Earlier this week, federal officials arrested Terdiman and 20 others connected to the ring.

The Yonkers-based doctor is charged with writing some 18,700 prescriptions — almost exclusively for oxycodone — to fake patients in nearly two yearsfrom the South Bronx-based Astramed Physicians clinic.

Law enforcement officials witnessed the Bronx clinic teeming with crowds so large that they required in-house security, prosecutors said. Undercover agents found that appointments with Terdiman would last minutes, with no physical examination of the patients.

Even when the clinic began testing urine, prosecutors said individuals involved in the ring began selling bottles of urine that would pass tests.

Terdiman would then allegedly prescribe the opioid to patients after charging them between $200 and $300 in money orders made payable to the clinic.

Patients would fill the prescription at various pharmacies, some of which investigators found would reject anything signed by Terdiman, prosecutors said.
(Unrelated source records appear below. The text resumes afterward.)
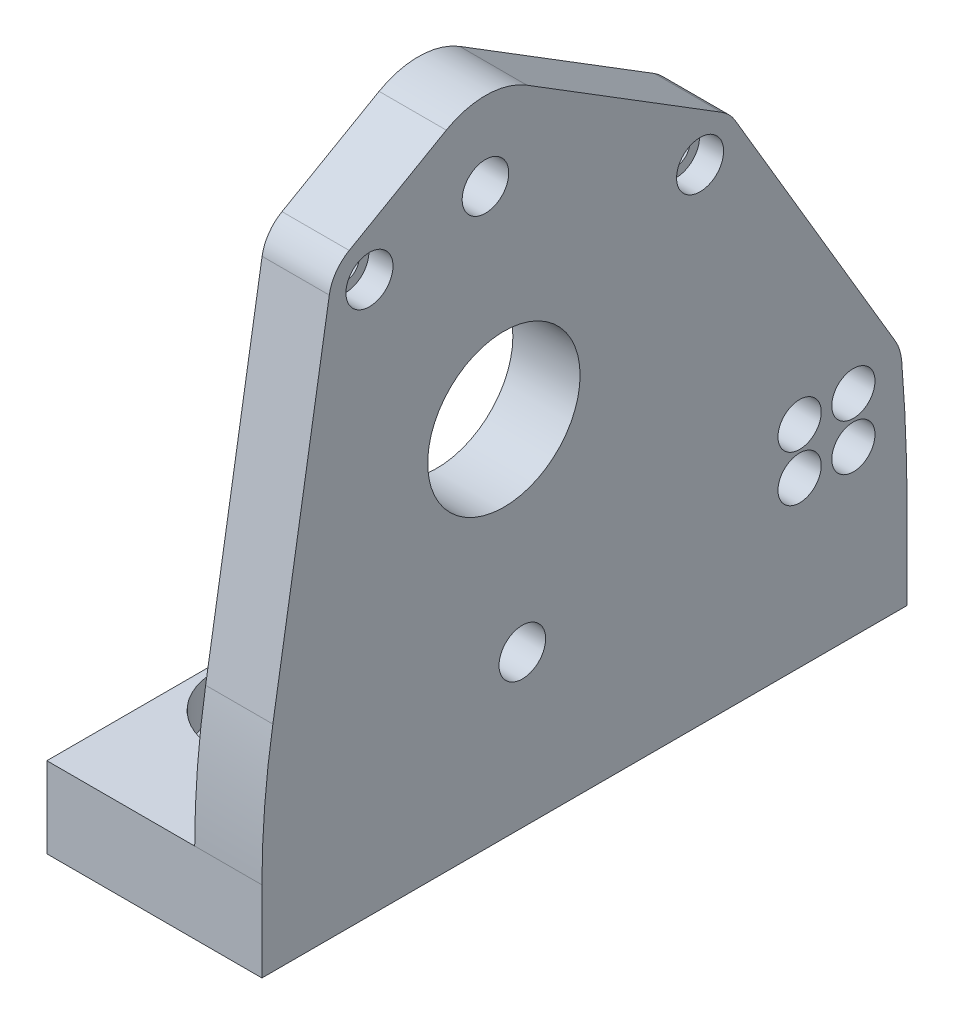
ISO-10303-21;
HEADER;
FILE_DESCRIPTION(('STEP AP214'),'2;1');
FILE_NAME('part.step','',(''),(''),'','','');
FILE_SCHEMA(('AUTOMOTIVE_DESIGN { 1 0 10303 214 1 1 1 1 }'));
ENDSEC;
DATA;
#1=APPLICATION_CONTEXT('core data for automotive mechanical design processes');
#2=APPLICATION_PROTOCOL_DEFINITION('international standard','automotive_design',2000,#1);
#3=PRODUCT_CONTEXT('',#1,'mechanical');
#4=PRODUCT('Part','Part','',(#3));
#5=PRODUCT_RELATED_PRODUCT_CATEGORY('part','',(#4));
#6=PRODUCT_DEFINITION_FORMATION('','',#4);
#7=PRODUCT_DEFINITION_CONTEXT('part definition',#1,'design');
#8=PRODUCT_DEFINITION('design','',#6,#7);
#9=PRODUCT_DEFINITION_SHAPE('','',#8);
#10=(LENGTH_UNIT() NAMED_UNIT(*) SI_UNIT(.MILLI.,.METRE.));
#11=(NAMED_UNIT(*) PLANE_ANGLE_UNIT() SI_UNIT($,.RADIAN.));
#12=(NAMED_UNIT(*) SI_UNIT($,.STERADIAN.) SOLID_ANGLE_UNIT());
#13=UNCERTAINTY_MEASURE_WITH_UNIT(LENGTH_MEASURE(1.E-05),#10,'distance_accuracy_value','');
#14=(GEOMETRIC_REPRESENTATION_CONTEXT(3) GLOBAL_UNCERTAINTY_ASSIGNED_CONTEXT((#13)) GLOBAL_UNIT_ASSIGNED_CONTEXT((#10,
#11,#12)) REPRESENTATION_CONTEXT('',''));
#15=CARTESIAN_POINT('',(0.,0.,0.));
#16=DIRECTION('',(0.,0.,1.));
#17=DIRECTION('',(1.,0.,0.));
#18=AXIS2_PLACEMENT_3D('',#15,#16,#17);
#19=CARTESIAN_POINT('',(25.4,79.375,76.2));
#20=DIRECTION('',(-1.,0.,0.));
#21=DIRECTION('',(0.,-1.,0.));
#22=AXIS2_PLACEMENT_3D('',#19,#20,#21);
#23=PLANE('',#22);
#24=CARTESIAN_POINT('',(25.4,42.8625,47.625));
#25=DIRECTION('',(1.,0.,0.));
#26=DIRECTION('',(0.,0.,-1.));
#27=AXIS2_PLACEMENT_3D('',#24,#25,#26);
#28=CIRCLE('',#27,8.99999999999999);
#29=CARTESIAN_POINT('',(25.4,42.8625,38.625));
#30=VERTEX_POINT('',#29);
#31=EDGE_CURVE('E282',#30,#30,#28,.T.);
#32=ORIENTED_EDGE('',*,*,#31,.F.);
#33=EDGE_LOOP('',(#32));
#34=FACE_BOUND('',#33,.T.);
#35=CARTESIAN_POINT('',(25.4,17.957632509851,45.4461064279965));
#36=DIRECTION('',(-1.,0.,0.));
#37=DIRECTION('',(0.,-1.,0.));
#38=AXIS2_PLACEMENT_3D('',#35,#36,#37);
#39=CIRCLE('',#38,2.74999999999999);
#40=CARTESIAN_POINT('',(25.4,15.207632509851,45.4461064279965));
#41=VERTEX_POINT('',#40);
#42=EDGE_CURVE('E281',#41,#41,#39,.T.);
#43=ORIENTED_EDGE('',*,*,#42,.T.);
#44=EDGE_LOOP('',(#43));
#45=FACE_BOUND('',#44,.T.);
#46=CARTESIAN_POINT('',(25.4,67.767367490149,49.8038935720035));
#47=DIRECTION('',(-1.,0.,0.));
#48=DIRECTION('',(0.,-1.,0.));
#49=AXIS2_PLACEMENT_3D('',#46,#47,#48);
#50=CIRCLE('',#49,2.74999999999999);
#51=CARTESIAN_POINT('',(25.4,65.017367490149,49.8038935720035));
#52=VERTEX_POINT('',#51);
#53=EDGE_CURVE('E271',#52,#52,#50,.T.);
#54=ORIENTED_EDGE('',*,*,#53,.T.);
#55=EDGE_LOOP('',(#54));
#56=FACE_BOUND('',#55,.T.);
#57=CARTESIAN_POINT('',(25.4,65.0875,63.5));
#58=DIRECTION('',(1.,0.,0.));
#59=DIRECTION('',(0.,0.,-1.));
#60=AXIS2_PLACEMENT_3D('',#57,#58,#59);
#61=CIRCLE('',#60,2.77876000000001);
#62=CARTESIAN_POINT('',(25.4,65.0875,60.72124));
#63=VERTEX_POINT('',#62);
#64=EDGE_CURVE('E252',#63,#63,#61,.T.);
#65=ORIENTED_EDGE('',*,*,#64,.F.);
#66=EDGE_LOOP('',(#65));
#67=FACE_BOUND('',#66,.T.);
#68=CARTESIAN_POINT('',(25.4,57.3206231212675,24.4532731370692));
#69=DIRECTION('',(1.,0.,0.));
#70=DIRECTION('',(0.,0.,-1.));
#71=AXIS2_PLACEMENT_3D('',#68,#69,#70);
#72=CIRCLE('',#71,2.77876);
#73=CARTESIAN_POINT('',(25.4,57.3206231212675,21.6745131370692));
#74=VERTEX_POINT('',#73);
#75=EDGE_CURVE('E242',#74,#74,#72,.T.);
#76=ORIENTED_EDGE('',*,*,#75,.F.);
#77=EDGE_LOOP('',(#76));
#78=FACE_BOUND('',#77,.T.);
#79=CARTESIAN_POINT('',(25.4,19.3959598742133,12.7));
#80=DIRECTION('',(-1.,0.,0.));
#81=DIRECTION('',(0.,0.,1.));
#82=AXIS2_PLACEMENT_3D('',#79,#80,#81);
#83=CIRCLE('',#82,2.5527);
#84=CARTESIAN_POINT('',(25.4,19.3959598742133,15.2527));
#85=VERTEX_POINT('',#84);
#86=EDGE_CURVE('E239',#85,#85,#83,.T.);
#87=ORIENTED_EDGE('',*,*,#86,.T.);
#88=EDGE_LOOP('',(#87));
#89=FACE_BOUND('',#88,.T.);
#90=CARTESIAN_POINT('',(25.4,19.3959598742133,6.35));
#91=DIRECTION('',(-1.,0.,0.));
#92=DIRECTION('',(0.,0.,1.));
#93=AXIS2_PLACEMENT_3D('',#90,#91,#92);
#94=CIRCLE('',#93,2.5527);
#95=CARTESIAN_POINT('',(25.4,19.3959598742133,8.9027));
#96=VERTEX_POINT('',#95);
#97=EDGE_CURVE('E233',#96,#96,#94,.T.);
#98=ORIENTED_EDGE('',*,*,#97,.T.);
#99=EDGE_LOOP('',(#98));
#100=FACE_BOUND('',#99,.T.);
#101=CARTESIAN_POINT('',(25.4,24.8635494141295,12.7));
#102=DIRECTION('',(-1.,0.,0.));
#103=DIRECTION('',(0.,0.,1.));
#104=AXIS2_PLACEMENT_3D('',#101,#102,#103);
#105=CIRCLE('',#104,2.5527);
#106=CARTESIAN_POINT('',(25.4,24.8635494141295,15.2527));
#107=VERTEX_POINT('',#106);
#108=EDGE_CURVE('E227',#107,#107,#105,.T.);
#109=ORIENTED_EDGE('',*,*,#108,.T.);
#110=EDGE_LOOP('',(#109));
#111=FACE_BOUND('',#110,.T.);
#112=CARTESIAN_POINT('',(25.4,24.8635494141295,6.35));
#113=DIRECTION('',(-1.,0.,0.));
#114=DIRECTION('',(0.,0.,1.));
#115=AXIS2_PLACEMENT_3D('',#112,#113,#114);
#116=CIRCLE('',#115,2.5527);
#117=CARTESIAN_POINT('',(25.4,24.8635494141295,8.9027));
#118=VERTEX_POINT('',#117);
#119=EDGE_CURVE('E221',#118,#118,#116,.T.);
#120=ORIENTED_EDGE('',*,*,#119,.T.);
#121=EDGE_LOOP('',(#120));
#122=FACE_BOUND('',#121,.T.);
#123=CARTESIAN_POINT('',(25.4,9.525,195.072353237744));
#124=DIRECTION('',(1.,0.,0.));
#125=DIRECTION('',(0.,0.,-1.));
#126=AXIS2_PLACEMENT_3D('',#123,#124,#125);
#127=CIRCLE('',#126,195.072353237744);
#128=CARTESIAN_POINT('',(25.4,9.52500000000002,0.));
#129=VERTEX_POINT('',#128);
#130=CARTESIAN_POINT('',(25.4,25.3275424975202,0.641124654665709));
#131=VERTEX_POINT('',#130);
#132=EDGE_CURVE('E48',#129,#131,#127,.T.);
#133=ORIENTED_EDGE('',*,*,#132,.T.);
#134=CARTESIAN_POINT('',(25.4,24.8635494141295,6.35));
#135=DIRECTION('',(1.,0.,0.));
#136=DIRECTION('',(0.,0.,-1.));
#137=AXIS2_PLACEMENT_3D('',#134,#135,#136);
#138=CIRCLE('',#137,5.7277);
#139=CARTESIAN_POINT('',(25.4,27.7766647313883,1.41843772843205));
#140=VERTEX_POINT('',#139);
#141=EDGE_CURVE('E181',#140,#131,#138,.F.);
#142=ORIENTED_EDGE('',*,*,#141,.F.);
#143=DIRECTION('',(0.,-0.861002194871929,-0.508601239111468));
#144=VECTOR('',#143,1.);
#145=CARTESIAN_POINT('',(25.4,6.56399136927082,-11.1120668638873));
#146=LINE('',#145,#144);
#147=CARTESIAN_POINT('',(25.4,59.7654438476144,20.3144786364296));
#148=VERTEX_POINT('',#147);
#149=EDGE_CURVE('E179',#148,#140,#146,.T.);
#150=ORIENTED_EDGE('',*,*,#149,.F.);
#151=CARTESIAN_POINT('',(25.4,57.3206231212675,24.4532731370692));
#152=DIRECTION('',(1.,0.,0.));
#153=DIRECTION('',(0.,0.,-1.));
#154=AXIS2_PLACEMENT_3D('',#151,#152,#153);
#155=CIRCLE('',#154,4.80694999999999);
#156=CARTESIAN_POINT('',(25.4,61.4052649655,21.9190140132136));
#157=VERTEX_POINT('',#156);
#158=EDGE_CURVE('E177',#157,#148,#155,.F.);
#159=ORIENTED_EDGE('',*,*,#158,.F.);
#160=DIRECTION('',(0.,0.527207298568868,0.849736702947281));
#161=VECTOR('',#160,1.);
#162=CARTESIAN_POINT('',(25.4,34.5183809760836,-21.416448556655));
#163=LINE('',#162,#161);
#164=CARTESIAN_POINT('',(25.4,75.665670144044,44.9035017318059));
#165=VERTEX_POINT('',#164);
#166=EDGE_CURVE('E174',#157,#165,#163,.T.);
#167=ORIENTED_EDGE('',*,*,#166,.T.);
#168=CARTESIAN_POINT('',(25.4,67.767367490149,49.8038935720035));
#169=DIRECTION('',(1.,0.,0.));
#170=DIRECTION('',(0.,0.,-1.));
#171=AXIS2_PLACEMENT_3D('',#168,#169,#170);
#172=CIRCLE('',#171,9.295);
#173=CARTESIAN_POINT('',(25.4,75.8308211157401,54.4275004571034));
#174=VERTEX_POINT('',#173);
#175=EDGE_CURVE('E172',#174,#165,#172,.F.);
#176=ORIENTED_EDGE('',*,*,#175,.F.);
#177=DIRECTION('',(0.,-0.497429465852599,0.867504424485315));
#178=VECTOR('',#177,1.);
#179=CARTESIAN_POINT('',(25.4,80.55421862798,46.1900144982694));
#180=LINE('',#179,#178);
#181=CARTESIAN_POINT('',(25.4,69.2575503932797,65.8911185708802));
#182=VERTEX_POINT('',#181);
#183=EDGE_CURVE('E167',#174,#182,#180,.T.);
#184=ORIENTED_EDGE('',*,*,#183,.T.);
#185=CARTESIAN_POINT('',(25.4,65.0875,63.5));
#186=DIRECTION('',(1.,0.,0.));
#187=DIRECTION('',(0.,0.,-1.));
#188=AXIS2_PLACEMENT_3D('',#185,#186,#187);
#189=CIRCLE('',#188,4.80694999999999);
#190=CARTESIAN_POINT('',(25.4,65.8674554174675,68.2432518222484));
#191=VERTEX_POINT('',#190);
#192=EDGE_CURVE('E165',#191,#182,#189,.F.);
#193=ORIENTED_EDGE('',*,*,#192,.F.);
#194=DIRECTION('',(0.,-0.986748733032055,0.162255779125535));
#195=VECTOR('',#194,1.);
#196=CARTESIAN_POINT('',(25.4,12.6602209498388,76.9923700067049));
#197=LINE('',#196,#195);
#198=CARTESIAN_POINT('',(25.4,25.3275424975202,74.9094221818446));
#199=VERTEX_POINT('',#198);
#200=EDGE_CURVE('E150',#191,#199,#197,.T.);
#201=ORIENTED_EDGE('',*,*,#200,.T.);
#202=CARTESIAN_POINT('',(25.4,9.525,-21.192786763509));
#203=DIRECTION('',(1.,0.,0.));
#204=DIRECTION('',(0.,0.,-1.));
#205=AXIS2_PLACEMENT_3D('',#202,#203,#204);
#206=CIRCLE('',#205,97.392786763509);
#207=CARTESIAN_POINT('',(25.4,9.525,76.2));
#208=VERTEX_POINT('',#207);
#209=EDGE_CURVE('E158',#199,#208,#206,.T.);
#210=ORIENTED_EDGE('',*,*,#209,.T.);
#211=DIRECTION('',(0.,1.,0.));
#212=VECTOR('',#211,1.);
#213=CARTESIAN_POINT('',(25.4,79.375,76.2));
#214=LINE('',#213,#212);
#215=CARTESIAN_POINT('',(25.4,0.,76.2));
#216=VERTEX_POINT('',#215);
#217=EDGE_CURVE('E81',#216,#208,#214,.T.);
#218=ORIENTED_EDGE('',*,*,#217,.F.);
#219=DIRECTION('',(0.,0.,-1.));
#220=VECTOR('',#219,1.);
#221=CARTESIAN_POINT('',(25.4,0.,76.2));
#222=LINE('',#221,#220);
#223=CARTESIAN_POINT('',(25.4,0.,0.));
#224=VERTEX_POINT('',#223);
#225=EDGE_CURVE('E310',#216,#224,#222,.T.);
#226=ORIENTED_EDGE('',*,*,#225,.T.);
#227=DIRECTION('',(0.,1.,0.));
#228=VECTOR('',#227,1.);
#229=CARTESIAN_POINT('',(25.4,79.375,0.));
#230=LINE('',#229,#228);
#231=EDGE_CURVE('E298',#224,#129,#230,.T.);
#232=ORIENTED_EDGE('',*,*,#231,.T.);
#233=EDGE_LOOP('',(#133,#142,#150,#159,#167,#176,#184,#193,#201,#210,#218,#226,#232));
#234=FACE_BOUND('',#233,.T.);
#235=ADVANCED_FACE('F33',(#34,#45,#56,#67,#78,#89,#100,#111,#122,#234),#23,.F.);
#236=CARTESIAN_POINT('',(17.4625,9.525,76.2));
#237=DIRECTION('',(1.,0.,0.));
#238=DIRECTION('',(0.,0.,-1.));
#239=AXIS2_PLACEMENT_3D('',#236,#237,#238);
#240=PLANE('',#239);
#241=CARTESIAN_POINT('',(17.4625,42.8625,47.625));
#242=DIRECTION('',(1.,0.,0.));
#243=DIRECTION('',(0.,0.,-1.));
#244=AXIS2_PLACEMENT_3D('',#241,#242,#243);
#245=CIRCLE('',#244,8.99999999999999);
#246=CARTESIAN_POINT('',(17.4625,42.8625,38.625));
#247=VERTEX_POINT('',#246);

Other locations would fill those prescriptions, however, including out-of-state pharmacies as far away as Florida.

Terdiman himself would not hand the prescription to the supposed patients, often leaving the job to the clinic’s security guards. Nonetheless, authorities report that Terdiman’s pay would go up the more oxycodone was prescribed.

U.S. Attorney for the Southern District of New York Preet Bharara compared the world of prescription drug trafficking to the “old-school trafficking in narcotics like heroin, cocaine and crack.”

“This is poison by prescription, and the volume and money allegedly involved would make hardened illegal drug traffickers envious,” he said in a statement.